Records excerpted from a collection:
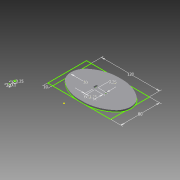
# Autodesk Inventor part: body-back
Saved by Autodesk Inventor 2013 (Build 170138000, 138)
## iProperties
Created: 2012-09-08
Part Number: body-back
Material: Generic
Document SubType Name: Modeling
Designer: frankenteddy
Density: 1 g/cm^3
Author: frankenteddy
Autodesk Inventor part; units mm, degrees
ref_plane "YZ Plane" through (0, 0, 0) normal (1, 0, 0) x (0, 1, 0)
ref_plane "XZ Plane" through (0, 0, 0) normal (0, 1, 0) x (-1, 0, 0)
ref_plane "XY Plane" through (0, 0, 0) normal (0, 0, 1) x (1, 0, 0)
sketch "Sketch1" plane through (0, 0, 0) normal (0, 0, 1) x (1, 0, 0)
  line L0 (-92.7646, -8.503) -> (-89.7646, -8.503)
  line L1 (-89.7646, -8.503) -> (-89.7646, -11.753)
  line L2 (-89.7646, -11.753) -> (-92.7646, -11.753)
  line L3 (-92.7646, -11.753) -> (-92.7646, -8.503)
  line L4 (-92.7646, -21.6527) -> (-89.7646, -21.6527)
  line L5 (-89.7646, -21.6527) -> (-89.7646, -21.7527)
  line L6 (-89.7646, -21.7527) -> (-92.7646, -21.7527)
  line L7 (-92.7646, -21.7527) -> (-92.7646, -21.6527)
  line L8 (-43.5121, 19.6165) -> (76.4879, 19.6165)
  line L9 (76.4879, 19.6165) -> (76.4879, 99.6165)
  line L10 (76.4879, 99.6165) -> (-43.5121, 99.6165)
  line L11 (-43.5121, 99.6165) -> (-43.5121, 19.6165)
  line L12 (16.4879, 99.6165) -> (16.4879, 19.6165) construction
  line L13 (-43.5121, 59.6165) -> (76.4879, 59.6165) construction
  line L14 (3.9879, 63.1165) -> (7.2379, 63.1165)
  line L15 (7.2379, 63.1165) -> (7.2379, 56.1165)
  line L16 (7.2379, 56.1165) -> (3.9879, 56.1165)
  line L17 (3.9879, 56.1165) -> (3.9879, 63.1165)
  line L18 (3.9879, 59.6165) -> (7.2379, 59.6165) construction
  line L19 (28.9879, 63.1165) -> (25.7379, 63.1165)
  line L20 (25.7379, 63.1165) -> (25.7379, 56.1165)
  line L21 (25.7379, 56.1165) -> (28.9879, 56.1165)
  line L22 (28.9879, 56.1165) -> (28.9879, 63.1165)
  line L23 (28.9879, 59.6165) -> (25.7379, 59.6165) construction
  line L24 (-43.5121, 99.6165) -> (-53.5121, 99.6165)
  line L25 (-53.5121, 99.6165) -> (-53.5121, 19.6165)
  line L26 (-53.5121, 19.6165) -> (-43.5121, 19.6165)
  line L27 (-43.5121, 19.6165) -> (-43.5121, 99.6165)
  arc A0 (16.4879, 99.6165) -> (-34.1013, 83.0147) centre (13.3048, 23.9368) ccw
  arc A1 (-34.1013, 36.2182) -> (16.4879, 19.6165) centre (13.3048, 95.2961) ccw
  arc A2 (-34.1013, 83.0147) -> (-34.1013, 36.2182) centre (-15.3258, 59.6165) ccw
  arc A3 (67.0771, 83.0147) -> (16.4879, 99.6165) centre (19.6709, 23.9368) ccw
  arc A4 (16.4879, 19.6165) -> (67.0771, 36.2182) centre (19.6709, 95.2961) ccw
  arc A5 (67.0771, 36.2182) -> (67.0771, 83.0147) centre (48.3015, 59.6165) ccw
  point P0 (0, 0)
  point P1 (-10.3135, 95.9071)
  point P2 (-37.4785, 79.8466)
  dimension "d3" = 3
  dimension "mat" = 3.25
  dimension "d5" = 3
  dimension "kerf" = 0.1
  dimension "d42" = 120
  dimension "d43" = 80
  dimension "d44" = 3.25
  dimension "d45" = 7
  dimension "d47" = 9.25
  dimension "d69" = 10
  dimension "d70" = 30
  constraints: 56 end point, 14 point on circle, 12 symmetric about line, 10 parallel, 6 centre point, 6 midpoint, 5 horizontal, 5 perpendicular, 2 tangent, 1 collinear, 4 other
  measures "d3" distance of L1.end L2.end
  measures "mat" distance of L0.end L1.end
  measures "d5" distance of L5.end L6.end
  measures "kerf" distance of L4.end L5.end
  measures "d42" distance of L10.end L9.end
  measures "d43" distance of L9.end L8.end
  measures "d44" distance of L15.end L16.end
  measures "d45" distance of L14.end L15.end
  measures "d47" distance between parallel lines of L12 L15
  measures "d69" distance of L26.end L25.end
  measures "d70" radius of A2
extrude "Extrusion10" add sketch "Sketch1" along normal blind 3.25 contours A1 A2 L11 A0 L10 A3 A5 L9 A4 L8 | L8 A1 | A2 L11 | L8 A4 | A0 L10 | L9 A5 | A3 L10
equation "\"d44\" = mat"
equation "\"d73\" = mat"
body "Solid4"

> **TASK**
Copy out every line of the data that includes the word "dimension".

> **ANSWER SPACE**
  dimension "d3" = 3
  dimension "mat" = 3.25
  dimension "d5" = 3
  dimension "kerf" = 0.1
  dimension "d42" = 120
  dimension "d43" = 80
  dimension "d44" = 3.25
  dimension "d45" = 7
  dimension "d47" = 9.25
  dimension "d69" = 10
  dimension "d70" = 30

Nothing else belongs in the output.